## PROBLEM REQUIREMENTS
For this exercise, reproduce the entries below exactly, but only from the line containing "for centre, radius, start, end" through the line containing "msp.add_arc(centre, radius, start, end, dxfattribs=at)", both included.

## DATA UNDER STUDY
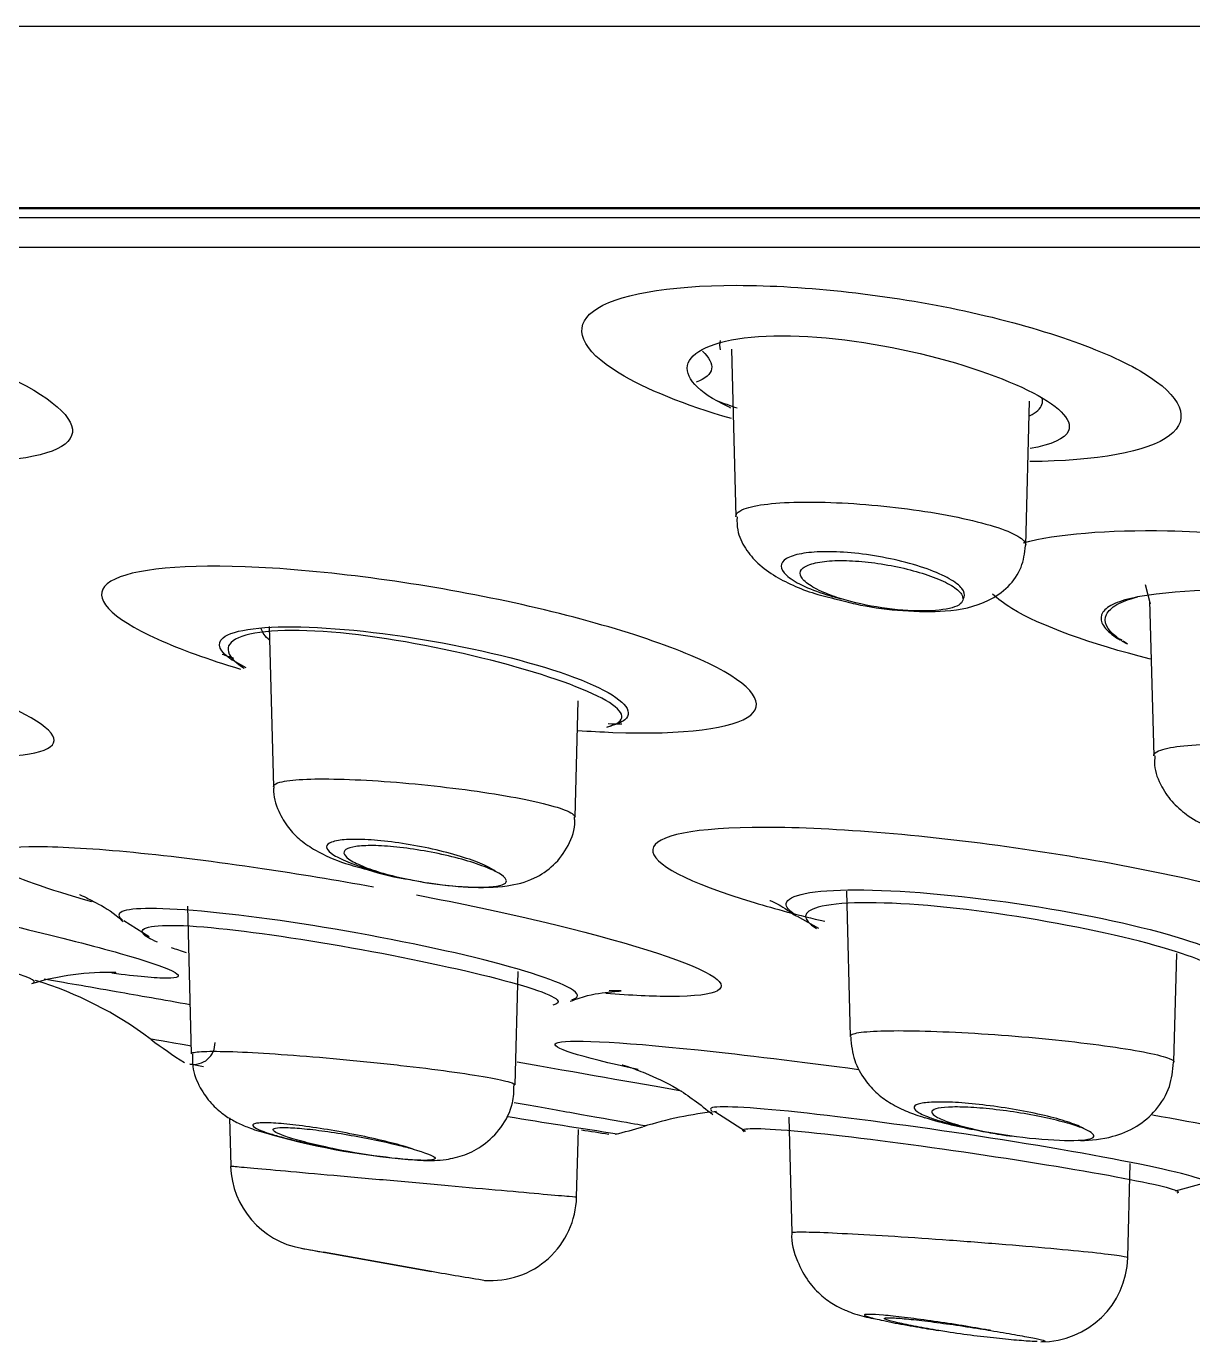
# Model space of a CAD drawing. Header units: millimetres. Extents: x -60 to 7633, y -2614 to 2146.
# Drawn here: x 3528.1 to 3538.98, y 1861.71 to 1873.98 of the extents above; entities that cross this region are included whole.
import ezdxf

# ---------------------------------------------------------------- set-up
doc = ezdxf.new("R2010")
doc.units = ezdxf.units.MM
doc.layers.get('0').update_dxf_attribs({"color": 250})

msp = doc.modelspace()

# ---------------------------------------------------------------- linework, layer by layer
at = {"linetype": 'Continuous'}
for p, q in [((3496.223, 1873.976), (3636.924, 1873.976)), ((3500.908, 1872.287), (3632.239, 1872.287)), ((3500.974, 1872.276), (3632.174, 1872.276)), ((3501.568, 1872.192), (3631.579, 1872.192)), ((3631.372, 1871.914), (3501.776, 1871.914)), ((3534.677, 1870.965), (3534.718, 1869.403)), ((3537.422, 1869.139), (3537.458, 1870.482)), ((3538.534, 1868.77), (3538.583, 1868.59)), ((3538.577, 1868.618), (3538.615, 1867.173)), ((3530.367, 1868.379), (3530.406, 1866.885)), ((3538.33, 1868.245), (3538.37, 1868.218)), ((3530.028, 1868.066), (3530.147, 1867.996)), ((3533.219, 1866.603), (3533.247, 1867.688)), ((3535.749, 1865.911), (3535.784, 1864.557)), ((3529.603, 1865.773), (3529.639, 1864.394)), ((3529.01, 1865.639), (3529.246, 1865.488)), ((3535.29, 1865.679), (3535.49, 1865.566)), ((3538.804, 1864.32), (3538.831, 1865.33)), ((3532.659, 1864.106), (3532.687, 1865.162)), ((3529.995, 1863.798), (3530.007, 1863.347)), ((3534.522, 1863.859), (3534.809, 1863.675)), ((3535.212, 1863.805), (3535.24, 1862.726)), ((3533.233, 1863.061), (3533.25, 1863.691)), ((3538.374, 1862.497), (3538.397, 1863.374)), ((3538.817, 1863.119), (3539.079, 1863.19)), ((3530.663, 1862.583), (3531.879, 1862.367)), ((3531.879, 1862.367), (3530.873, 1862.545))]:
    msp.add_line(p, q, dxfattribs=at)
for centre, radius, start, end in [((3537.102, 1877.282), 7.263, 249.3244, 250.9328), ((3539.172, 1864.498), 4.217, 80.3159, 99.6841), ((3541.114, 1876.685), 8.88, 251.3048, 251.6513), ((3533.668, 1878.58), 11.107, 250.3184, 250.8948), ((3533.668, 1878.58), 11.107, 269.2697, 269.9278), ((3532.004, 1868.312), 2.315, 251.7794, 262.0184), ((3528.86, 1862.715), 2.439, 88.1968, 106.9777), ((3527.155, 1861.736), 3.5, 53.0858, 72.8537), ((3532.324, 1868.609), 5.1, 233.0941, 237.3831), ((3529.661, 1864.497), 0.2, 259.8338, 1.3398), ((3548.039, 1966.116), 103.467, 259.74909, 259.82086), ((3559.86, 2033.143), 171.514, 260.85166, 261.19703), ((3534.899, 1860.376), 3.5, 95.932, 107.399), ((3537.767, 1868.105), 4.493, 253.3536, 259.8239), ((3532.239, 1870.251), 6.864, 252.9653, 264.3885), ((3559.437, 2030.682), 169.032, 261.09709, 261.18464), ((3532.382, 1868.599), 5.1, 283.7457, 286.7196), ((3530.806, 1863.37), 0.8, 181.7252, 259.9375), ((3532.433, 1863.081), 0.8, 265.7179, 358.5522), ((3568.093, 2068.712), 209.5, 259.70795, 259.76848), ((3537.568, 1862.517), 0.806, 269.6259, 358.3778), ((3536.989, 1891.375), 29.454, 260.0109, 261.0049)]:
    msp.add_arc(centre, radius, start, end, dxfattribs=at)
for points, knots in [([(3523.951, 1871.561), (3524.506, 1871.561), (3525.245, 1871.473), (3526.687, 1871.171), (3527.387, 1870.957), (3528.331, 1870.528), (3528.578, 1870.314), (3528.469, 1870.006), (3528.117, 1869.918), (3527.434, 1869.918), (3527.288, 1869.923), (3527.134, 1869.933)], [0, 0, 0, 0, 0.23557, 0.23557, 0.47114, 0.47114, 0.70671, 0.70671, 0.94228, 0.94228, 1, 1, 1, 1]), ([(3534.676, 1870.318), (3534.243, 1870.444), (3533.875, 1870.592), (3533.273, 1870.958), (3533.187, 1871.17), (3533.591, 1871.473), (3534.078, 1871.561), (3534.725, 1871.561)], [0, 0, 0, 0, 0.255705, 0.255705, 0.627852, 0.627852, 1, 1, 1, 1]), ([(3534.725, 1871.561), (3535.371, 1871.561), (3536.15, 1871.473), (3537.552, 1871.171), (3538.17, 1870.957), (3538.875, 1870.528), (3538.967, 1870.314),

## SOLUTION TO THE PROBLEM
for centre, radius, start, end in [((3537.102, 1877.282), 7.263, 249.3244, 250.9328), ((3539.172, 1864.498), 4.217, 80.3159, 99.6841), ((3541.114, 1876.685), 8.88, 251.3048, 251.6513), ((3533.668, 1878.58), 11.107, 250.3184, 250.8948), ((3533.668, 1878.58), 11.107, 269.2697, 269.9278), ((3532.004, 1868.312), 2.315, 251.7794, 262.0184), ((3528.86, 1862.715), 2.439, 88.1968, 106.9777), ((3527.155, 1861.736), 3.5, 53.0858, 72.8537), ((3532.324, 1868.609), 5.1, 233.0941, 237.3831), ((3529.661, 1864.497), 0.2, 259.8338, 1.3398), ((3548.039, 1966.116), 103.467, 259.74909, 259.82086), ((3559.86, 2033.143), 171.514, 260.85166, 261.19703), ((3534.899, 1860.376), 3.5, 95.932, 107.399), ((3537.767, 1868.105), 4.493, 253.3536, 259.8239), ((3532.239, 1870.251), 6.864, 252.9653, 264.3885), ((3559.437, 2030.682), 169.032, 261.09709, 261.18464), ((3532.382, 1868.599), 5.1, 283.7457, 286.7196), ((3530.806, 1863.37), 0.8, 181.7252, 259.9375), ((3532.433, 1863.081), 0.8, 265.7179, 358.5522), ((3568.093, 2068.712), 209.5, 259.70795, 259.76848), ((3537.568, 1862.517), 0.806, 269.6259, 358.3778), ((3536.989, 1891.375), 29.454, 260.0109, 261.0049)]:
    msp.add_arc(centre, radius, start, end, dxfattribs=at)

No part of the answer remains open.